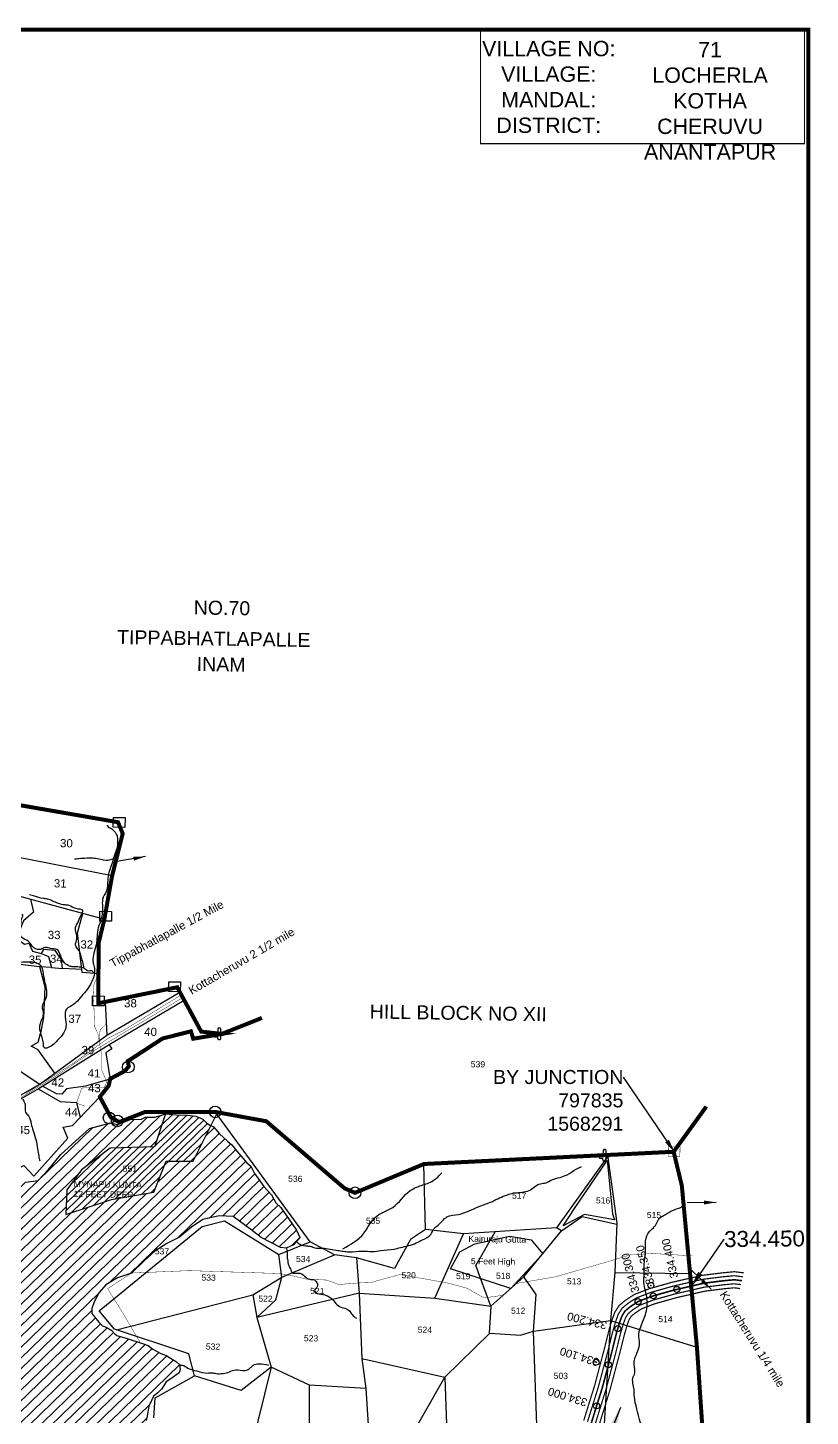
# Model space of a CAD drawing. Header units: feet. Extents: x 793020 to 798207, y 1563925 to 1571484.
# Drawn here: x 796251 to 798207, y 1567607 to 1571078 of the extents above; entities that cross this region are included whole.
import ezdxf
from ezdxf import colors
from ezdxf.entities.mleader import LeaderData, LeaderLine
from ezdxf.enums import TextEntityAlignment as Align
from ezdxf.math import Vec2, Vec3

# ---------------------------------------------------------------- set-up
doc = ezdxf.new("R2010")
doc.units = ezdxf.units.FT
doc.header["$LTSCALE"] = 15
doc.header["$MEASUREMENT"] = 0
doc.header["$PDMODE"] = 32
doc.header["$PDSIZE"] = 15
doc.linetypes.add('HIDDEN2', pattern=[0.1875, 0.125, -0.0625])
for name, color, linetype in [('CANAL1', 7, 'Continuous'), ('CRDS STONES', 7, 'Continuous'), ('CSMark', 72, 'Continuous'), ('HILL', 17, 'Continuous'), ('PAPER SIZE', 10, 'Continuous'), ('PLOT', 7, 'Continuous'), ('PLOT NO', 7, 'Continuous'), ('ROADS', 6, 'Continuous'), ('TANKS-STREAM', 4, 'Continuous'), ('TEXT', 1, 'Continuous'), ('text2', 7, 'Continuous'), ('VILLAGE STONES', 240, 'Continuous')]:
    doc.layers.add(name, color=color, linetype=linetype)
doc.layers.add('VILLAGE BOUNDRY', color=5, linetype='HIDDEN2', lineweight=100)
doc.styles.get("Standard").update_dxf_attribs({"font": 'arial.ttf'})
doc.linetypes.add('DOTS', pattern='A,1e-06,-3,["●",Standard,S=3,R=0,X=-1.25,Y=-1.25],-3', length=6.000001)
doc.dimstyles.get("Standard").update_dxf_attribs({"dimtxt": 0.18, "dimasz": 30, "dimexe": 0.18, "dimexo": 0.0625, "dimgap": 0.09, "dimtad": 0, "dimtih": 1, "dimtoh": 1, "dimdec": 4, "dimzin": 0, "dimdsep": 46, "dimtxsty": 'Standard', "dimcen": 0.09, "dimadec": 0, "dimazin": 0, "dimtfac": 1, "dimtdec": 4, "dimtofl": 0, "dimtmove": 0, "dimatfit": 3, "dimfxl": 1, "dimtolj": 1, "dimtzin": 0, "dimarcsym": 0})

msp = doc.modelspace()

# ---------------------------------------------------------------- hatches: boundary and pattern name
at = {"layer": 'TANKS-STREAM', "lineweight": -2}
h = msp.add_hatch(dxfattribs=at)
h.set_pattern_fill('ANSI31,_O', color=256, scale=153.813824, angle=-0.9035)
h.set_pattern_definition([(44.0964586, (-45432.974, -26759.16), (-13.37927261, 13.808046), [])])
h.paths.add_polyline_path([(795643, 1568038.9), (795621.6, 1568044.3), (795609.2, 1568043.3), (795592.8, 1568039.6), (795577, 1568044.3), (795555.6, 1568047.5), (795543.2, 1568044.5), (795519.7, 1568048), (795509.2, 1568046), (795492.9, 1568042.9), (795475.2, 1568044.8), (795458.6, 1568044), (795433.3, 1568042.8), (795421.6, 1568038.6), (795407.6, 1568037.8), (795401.9, 1568043.1), (795392.7, 1568051.7), (795382.2, 1568051.8), (795335.9, 1568052.5), (795317.8, 1568036.7), (795288.6, 1568011.1), (795232, 1567995.2), (795179.5, 1568005.1), (795145, 1568015), (795113.7, 1568018.7), (795113.3, 1568015), (795127.5, 1568014.6), (795131.6, 1567972.4), (795138.3, 1567971), (795137.2, 1567860.1), (795086.6, 1567858.1), (795082.7, 1567850.6), (795062.8, 1567835.6), (795017.1, 1567812.6), (794988.8, 1567783.5), (794951.9, 1567752.4), (794918.8, 1567744.2), (794866, 1567742.3), (794859.1, 1567742), (794876.9, 1567722.4), (794895.3, 1567695.5), (794913.3, 1567659.6), (794913.3, 1567634.5), (794908.1, 1567616.7), (794910.2, 1567600.7), (794920.5, 1567587.8), (794918, 1567570.1), (794909, 1567560.7), (794891.3, 1567557.9), (794882.2, 1567556.5), (794868.3, 1567538.7), (794869.6, 1567463.1), (794865.5, 1567445.2), (794827.4, 1567414.9), (794815.4, 1567406.4), (794787.1, 1567386.2), (794765.1, 1567380.2), (794754.1, 1567368.3), (794749.6, 1567346.6), (794753.1, 1567315), (794748.8, 1567274.2), (794756.4, 1567239.5), (794757.1, 1567202.3), (794751, 1567144.2), (794839.8, 1567198.3), (794823.1, 1567280.1), (794864.1, 1567299.5), (794868, 1567314.1), (794930.9, 1567326.2), (794913.3, 1567341.4), (794924.5, 1567359.9), (794902.6, 1567391.3), (794904, 1567416.5), (794914.7, 1567417.5), (794934.4, 1567450.4), (794954, 1567473.1), (794973.9, 1567531), (794980.8, 1567528.6), (794992.5, 1567727), (795018.2, 1567723.7), (795067.5, 1567768.8), (795088.2, 1567756.6), (795050.4, 1567501.1), (794996.4, 1567441.8), (795054.1, 1567422), (795038.3, 1567398.6), (795053.8, 1567390.5), (795052.7, 1567366.2), (795004.8, 1567344.7), (794974.7, 1567319.3), (795022.4, 1567299.5), (795018.9, 1567263.5), (795017.3, 1567219.1), (794983.8, 1567180.7), (794914.2, 1567226.2), (794864.3, 1567181.3), (794844.9, 1567178.1), (794903.7, 1567151), (794915.2, 1567157.1), (794925.8, 1567161.5), (794937.9, 1567163.3), (794952.5, 1567162.5), (794960.1, 1567170.7), (794990.5, 1567174.5), (795048, 1567226.6), (795053.8, 1567241.6), (795061.4, 1567250.4), (795070.6, 1567262.1), (795076.7, 1567270.9), (795089, 1567275.7), (795101.6, 1567280.7), (795115.1, 1567278.5), (795138.5, 1567274.6), (795153.2, 1567252.2), (795168.9, 1567147.3), (795185.2, 1567034.6), (795216.1, 1566988.3), (795233.8, 1566902.9), (795257.2, 1566874.2), (795264.5, 1566830.7), (795261.6, 1566791.2), (795274.7, 1566723.2), (795280.6, 1566683), (795291.9, 1566660.2), (795307.5, 1566636.9), (795318.4, 1566599.3), (795333.2, 1566565.2), (795349.6, 1566520.3), (795357.5, 1566483.6), (795374.4, 1566472.3), (795396.2, 1566472.8), (795425.7, 1566465.1), (795449, 1566455.6), (795505.8, 1566446.4), (795528.1, 1566425.3), (795535.2, 1566407.2), (795692.5, 1566368.4), (795722.8, 1566373), (795730.3, 1566392.1), (795730.5, 1566404.9), (795731, 1566440.9), (795732.2, 1566448), (795744.6, 1566457.3), (795755.7, 1566469.4), (795757.7, 1566476.2), (795761.5, 1566492), (795760.6, 1566503.1), (795759.5, 1566518.1), (795765.4, 1566546.6), (795759.8, 1566576.7), (795742.7, 1566632.3), (795727, 1566659), (795709.7, 1566686.3), (795707.1, 1566701.2), (795693.3, 1566751.7), (795679.5, 1566777.9), (795679.2, 1566807), (795688.9, 1566824.2), (795687, 1566850.6), (795687.5, 1566864.3), (795694.3, 1566880.9), (795700.7, 1566889.5), (795726.9, 1566898.5), (795747.1, 1566887.1), (795788.3, 1566873.9), (795817.3, 1566867.1), (795842, 1566865.9), (795866.7, 1566872.1), (795907.2, 1566889.3), (795934.9, 1566900.9), (795967.6, 1566914.6), (796012.6, 1566946.8), (796036.4, 1566966.6), (796066.7, 1566990.8), (796109.2, 1567024.9), (796116.3, 1567031.5), (796122.2, 1567037.4), (796133.7, 1567047.4), (796144.2, 1567055.7), (796147.1, 1567065.4), (796161.3, 1567071.7), (796182.2, 1567069.2), (796201.8, 1567082.2), (796198.1, 1567091.5), (796201.5, 1567106.2), (796204.7, 1567114.8), (796207.7, 1567126.2), (796211.2, 1567132.8), (796217.7, 1567147.1), (796218.9, 1567166.1), (796220.5, 1567189.5), (796222.1, 1567212.4), (796219.6, 1567227.3), (796224.6, 1567239.2), (796233.9, 1567259.4), (796250.5, 1567264.8), (796263, 1567265.3), (796277.2, 1567257.4), (796294.3, 1567256.9), (796309.3, 1567250.3), (796321.3, 1567234.3), (796343.1, 1567223.8), (796357.9, 1567209.8), (796369.1, 1567190.5), (796387.5, 1567175.9), (796416.8, 1567144.7), (796428.2, 1567139.5), (796465.1, 1567104.8), (796468.8, 1567130.9), (796469.1, 1567209.5), (796573.5, 1567220.4), (796661.4, 1567183), (796663.3, 1567138.1), (796675.5, 1567147.7), (796711.7, 1567137.2), (796748.5, 1567104.5), (796810, 1567084.1), (796830.8, 1567092.4), (796845, 1567082.3), (796880.4, 1567088.3), (796876.9, 1567091.4), (796860.9, 1567104.5), (796821.6, 1567134.3), (796802.7, 1567157.5), (796774.9, 1567181), (796759.7, 1567191.8), (796734.2, 1567166), (796655.5, 1567206.9), (796566.3, 1567299.6), (796597.6, 1567320), (796642.4, 1567332.3), (796639.2, 1567336.8), (796634.9, 1567354.5), (796630.5, 1567389.3), (796627.7, 1567406.4), (796618.8, 1567423.9), (796618.5, 1567450.6), (796620.1, 1567464.8), (796615.3, 1567486.7), (796606.6, 1567498.4), (796590.4, 1567511.7), (796570, 1567528.3), (796557.4, 1567536.6), (796547.7, 1567546.3), (796547, 1567556.7), (796545.5, 1567581.3), (796546.9, 1567596.3), (796550, 1567607.5), (796553.8, 1567632.6), (796561.6, 1567648.4), (796565.1, 1567656.9), (796576.4, 1567665.6), (796585.9, 1567674.5), (796592.8, 1567686.7), (796597.3, 1567693.4), (796609.2, 1567700.4), (796629.5, 1567715.3), (796632.4, 1567724.2), (796630.4, 1567736.5), (796623, 1567743.4), (796597, 1567759.2), (796583.5, 1567763.5), (796573.4, 1567769.4), (796563.7, 1567774.8), (796552.1, 1567784.1), (796537.7, 1567788.9), (796499.9, 1567801.6), (796473.9, 1567808.9), (796469.1, 1567813.2), (796461, 1567821.2), (796447.5, 1567829.6), (796438.2, 1567833.1), (796428.5, 1567841.9), (796411.5, 1567864), (796411.2, 1567876.7), (796417.3, 1567892.6), (796429.9, 1567916.3), (796446.1, 1567935.1), (796475.6, 1567952.9), (796510.8, 1567965), (796541.7, 1567994.5), (796568.6, 1568019.3), (796599.1, 1568038.4), (796630.3, 1568054.4), (796660.7, 1568079.9), (796689.1, 1568098.8), (796729.6, 1568107.8), (796764.7, 1568106.6), (796808.8, 1568073.6), (796835, 1568054.1), (796883.1, 1568028.6), (796896.9, 1568027), (796915.6, 1568035.8), (796931.3, 1568054.1), (796922.7, 1568072.5), (796912.1, 1568087.6), (796883.8, 1568128.8), (796871.1, 1568140.4), (796860.8, 1568160.5), (796841.2, 1568181.4), (796827.3, 1568201.2), (796818.3, 1568214.1), (796808.9, 1568232.5), (796798.5, 1568240.3), (796773.8, 1568269.3), (796761, 1568285.6), (796750.6, 1568294.9), (796730.1, 1568313.3), (796721.4, 1568323.8), (796715.5, 1568330.2), (796709.2, 1568333.3), (796664.7, 1568244.4), (796597.5, 1568244.8), (796566, 1568167), (796460.5, 1568148.5), (796346.5, 1568111.1), (796348.6, 1568172.8), (796385.7, 1568223.2), (796457.2, 1568277.3), (796568.4, 1568280.3), (796595.4, 1568362.7), (796569.4, 1568354.8), (796545.5, 1568354.2), (796535.3, 1568349.2), (796508, 1568348.5), (796476.5, 1568336.2), (796457.3, 1568340.5), (796439.9, 1568335.8), (796405.7, 1568326.6), (796380.4, 1568303.5), (796334, 1568261), (796303, 1568223.9), (796277.3, 1568196.2), (796245.4, 1568192.4), (796212.1, 1568192.7), (796205.6, 1568189.2), (796188, 1568162.6), (796174.2, 1568150.8), (796156.7, 1568145.6), (796128.5, 1568132.1), (796116.4, 1568122), (796088.7, 1568111.1), (796067.3, 1568091), (795986.5, 1568042.4), (795938.6, 1568031.6), (795905.5, 1568034.2), (795850.3, 1568049.9), (795815.1, 1568067), (795790.9, 1568079.5), (795776.6, 1568064.6), (795757.7, 1568061.8), (795734.5, 1568058.3), (795711.7, 1568048.9), (795667.1, 1568049.8)])
h.paths.add_polyline_path([(795304.6, 1567373.3), (795312, 1567257.5), (795259, 1567255.2), (795238.3, 1567371.1)], flags=16)
h = msp.add_hatch(dxfattribs=at)
h.set_pattern_fill('ANSI31', color=256, scale=102.542549, angle=-0.9035)
h.set_pattern_definition([(44.0964586, (-45432.974, -26759.16), (-8.919515075, 9.20536399), [])])
h.paths.add_polyline_path([(796664.7, 1568244.4), (796709.2, 1568333.3), (796706.6, 1568334.5), (796698, 1568340.7), (796688.6, 1568349.7), (796671.1, 1568356.7), (796651.5, 1568359.9), (796622.8, 1568360.2), (796595.4, 1568362.7), (796568.4, 1568280.3), (796457.2, 1568277.3), (796385.7, 1568223.2), (796348.6, 1568172.8), (796346.5, 1568111.1), (796460.5, 1568148.5), (796566, 1568167), (796597.5, 1568244.8)])

# ---------------------------------------------------------------- linework, layer by layer
at = {"layer": 'CANAL1', "color": 1, "const_width": 3}
for points in [[(797641, 1567596), (797668.4, 1567684.2), (797691.6, 1567771.6), (797704.3, 1567822.7), (797711.5, 1567847.1), (797718.7, 1567866.8), (797729.5, 1567883.7), (797745.9, 1567897.2), (797767.8, 1567911.5), (797805.9, 1567926.1), (797862.1, 1567941.9), (797937.7, 1567959.2), (797987.2, 1567965.4), (798017.6, 1567968.3), (798041.7, 1567965.3)], [(797678.9, 1567583.2), (797706.8, 1567673.1), (797730.3, 1567761.6), (797743, 1567812.2), (797749.5, 1567834.6), (797754.8, 1567849), (797759.8, 1567856.9), (797769.6, 1567865), (797786.1, 1567875.7), (797818.5, 1567888.1), (797871.9, 1567903.2), (797944.7, 1567919.8), (797991.5, 1567925.6), (798017.1, 1567928.1), (798032.1, 1567926.2)]]:
    msp.add_lwpolyline(points, dxfattribs=at)
at = {"layer": 'CANAL1', "color": 5, "const_width": 3}
for points in [[(797650.4, 1567592.8), (797678, 1567681.4), (797701.3, 1567769.1), (797714, 1567820.1), (797721, 1567844), (797727.7, 1567862.4), (797737.1, 1567877), (797751.8, 1567889.2), (797772.3, 1567902.6), (797809, 1567916.6), (797864.5, 1567932.2), (797939.4, 1567949.4), (797988.2, 1567955.5), (798017.5, 1567958.2), (798039.3, 1567955.5)], [(797669.4, 1567586.4), (797697.2, 1567675.9), (797720.7, 1567764.1), (797733.3, 1567814.9), (797740, 1567837.7), (797745.8, 1567853.5), (797752.2, 1567863.6), (797763.7, 1567873), (797781.5, 1567884.7), (797815.3, 1567897.6), (797869.5, 1567912.8), (797942.9, 1567929.7), (797990.4, 1567935.6), (798017.2, 1567938.1), (798034.5, 1567936)]]:
    msp.add_lwpolyline(points, dxfattribs=at)
at = {"layer": 'CANAL1', "color": 1, "linetype": 'HIDDEN2', "ltscale": 5, "const_width": 4}
msp.add_lwpolyline([(797659.9, 1567589.6), (797687.6, 1567678.7), (797711, 1567766.6), (797723.6, 1567817.5), (797730.5, 1567840.8), (797736.8, 1567857.9), (797744.6, 1567870.3), (797757.8, 1567881.1), (797776.9, 1567893.6), (797812.2, 1567907.1), (797867, 1567922.5), (797941.2, 1567939.5), (797989.3, 1567945.5), (798017.4, 1567948.2), (798036.9, 1567945.8)], dxfattribs=at)
at = {"layer": 'CSMark', "color": 3}
for p in [(797873.8, 1567924.1), (797776.9, 1567893.6), (797815.3, 1567908), (797726.2, 1567826), (797702.8, 1567735.7), (797673.4, 1567632.9)]:
    msp.add_point(p, dxfattribs=at)
at = {"layer": 'HILL', "lineweight": -2, "elevation": -2.1}
for points in [[(797617.8, 1568126.5), (797699.5, 1568245.9), (797712.9, 1568113.3), (797717.6, 1568097.9), (797643, 1568111), (797590, 1568083.1), (797617.8, 1568126.5)], [(797308, 1567975.5), (797331, 1568017.9), (797369, 1568037.7), (797407.5, 1568046.3), (797455.6, 1568056.9), (797509.3, 1568048.2), (797538.5, 1568012.6), (797459.2, 1567926.6), (797308, 1567975.5)]]:
    msp.add_lwpolyline(points, dxfattribs=at)
at = {"layer": 'PAPER SIZE', "color": 5, "const_width": 3, "elevation": -1.2}
msp.add_lwpolyline([(798193.1, 1571070.9), (797382.9, 1571070.9), (797382.9, 1570787.8), (798193.1, 1570787.8)], close=True, dxfattribs=at)
at = {"layer": 'PLOT', "lineweight": -2}
for points in [[(796189.4, 1569012.4), (796462.2, 1568958.6)], [(796196.8, 1568916.4), (796442.6, 1568849.4)], [(796258.1, 1568899.7), (796265.7, 1568867.1), (796240.2, 1568845.6), (796228.6, 1568817.4), (796228.5, 1568797.2), (796221.7, 1568786), (796231.4, 1568775.1), (796229.9, 1568769.2), (796225.5, 1568763), (796227.6, 1568754.1), (796231.6, 1568750.9), (796231.6, 1568735.9)], [(796228.5, 1568797.2), (796242.9, 1568786.8), (796254, 1568789.9), (796263.2, 1568769.2), (796284.9, 1568763.6)], [(796318.6, 1568464.6), (796277.2, 1568523.3), (796259.9, 1568531.8), (796276.8, 1568541.9), (796285.1, 1568573.1), (796291.2, 1568603.9), (796294.6, 1568679.3), (796281.4, 1568730.4)], [(796232.7, 1568409.8), (796281.2, 1568437.3), (796448.7, 1568559.6), (796631.5, 1568667)], [(796642.5, 1568646.6), (796454.5, 1568535.6), (796279.5, 1568426.6), (796121.6, 1568336.5), (796042.8, 1568307.9), (796040.7, 1568296.7), (795975.8, 1568303.5)], [(796444.8, 1568642.8), (796448.7, 1568559.6)], [(796454.5, 1568535.6), (796461.2, 1568525), (796446.1, 1568515.4), (796456.9, 1568448.9)], [(796456.4, 1568449.9), (796395.6, 1568432), (796347.7, 1568425.4), (796336.3, 1568412.5), (796322.8, 1568413), (796288, 1568431.8)], [(796277.1, 1568425.2), (796331.9, 1568393.5), (796372.6, 1568391), (796382, 1568353.6)], [(796040.7, 1568296.7), (796070.5, 1568273.4), (796177.2, 1568264.9), (796227.5, 1568226.2), (796241.4, 1568233.5), (796266.7, 1568206.9), (796351.7, 1568301.7), (796339.4, 1568330), (796362.9, 1568333.6), (796431.3, 1568405.3)], [(796597.1, 1568367.6), (796568.4, 1568280.3), (796457.2, 1568277.3), (796385.7, 1568223.2), (796348.6, 1568172.8), (796346.5, 1568111.1), (796460.5, 1568148.5), (796566, 1568167), (796597.5, 1568244.8), (796664.7, 1568244.4), (796725.9, 1568366.6)], [(796566.3, 1567602.7), (796569.9, 1567653), (796668, 1567708.3), (796654.2, 1567762.7), (796467.9, 1567824.7), (796429.9, 1567870.1), (796687.1, 1568081.5), (796743.1, 1568095.1), (796878.7, 1568011.3), (796957, 1568042.7), (796719.5, 1568367.8)], [(797703.8, 1568260.2), (797573.3, 1568077.6), (797340.8, 1568063.3), (797245.1, 1568073.7), (797241.5, 1568237.5)], [(797700.1, 1568260), (797724.2, 1568089.9), (797719.1, 1567966.7), (797906.9, 1567963.7)], [(797585.6, 1568070.1), (797636.9, 1568106.2), (797724, 1568086.8)], [(797245.1, 1568073.7), (797207.8, 1568048.6), (797168.3, 1567976.2), (797072.6, 1568003.3), (797017.6, 1568010.7), (796957, 1568042.7)], [(797515.9, 1567819.4), (797522.3, 1567911.3), (797491.4, 1567955.1), (797408.5, 1567881.8), (797371.7, 1567983.9), (797420, 1568068.2)], [(797491.4, 1567955.1), (797585.6, 1568070.1), (797573.3, 1568077.6)], [(797079.7, 1567914.3), (797268.8, 1567902), (797340.8, 1568063.3)], [(796472.8, 1567823.1), (796814, 1567910.4), (796886.7, 1567954.9), (796878.7, 1568011.3)], [(797072.6, 1568003.3), (797079.7, 1567914.3), (796824, 1567854), (796871, 1567898.3), (796886.7, 1567954.9)], [(796886.7, 1567954.9), (797017.6, 1568010.7)], [(797719.1, 1567966.7), (797708.2, 1567846.1)], [(796814, 1567910.4), (796824, 1567854), (796859.9, 1567730), (796784.5, 1567671.5), (796668, 1567708.3)], [(797079.7, 1567914.3), (797086.1, 1567751.1), (797096.6, 1567676.4), (796955.6, 1567684.5), (796859.9, 1567730)], [(797268.8, 1567902), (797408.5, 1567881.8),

▶ **Work to be completed**
If a line comes after the line with "doc.linetypes.add('HIDDEN2', pattern=[0.1875, 0.125, -0.0625])", it stays out; print exactly every line from the start of the entries up to and including that line, but no pictures.

▶ **Reply to the exercise**
# Model space of a CAD drawing. Header units: feet. Extents: x 793020 to 798207, y 1563925 to 1571484.
# Drawn here: x 796251 to 798207, y 1567607 to 1571078 of the extents above; entities that cross this region are included whole.
import ezdxf
from ezdxf import colors
from ezdxf.entities.mleader import LeaderData, LeaderLine
from ezdxf.enums import TextEntityAlignment as Align
from ezdxf.math import Vec2, Vec3

# ---------------------------------------------------------------- set-up
doc = ezdxf.new("R2010")
doc.units = ezdxf.units.FT
doc.header["$LTSCALE"] = 15
doc.header["$MEASUREMENT"] = 0
doc.header["$PDMODE"] = 32
doc.header["$PDSIZE"] = 15
doc.linetypes.add('HIDDEN2', pattern=[0.1875, 0.125, -0.0625])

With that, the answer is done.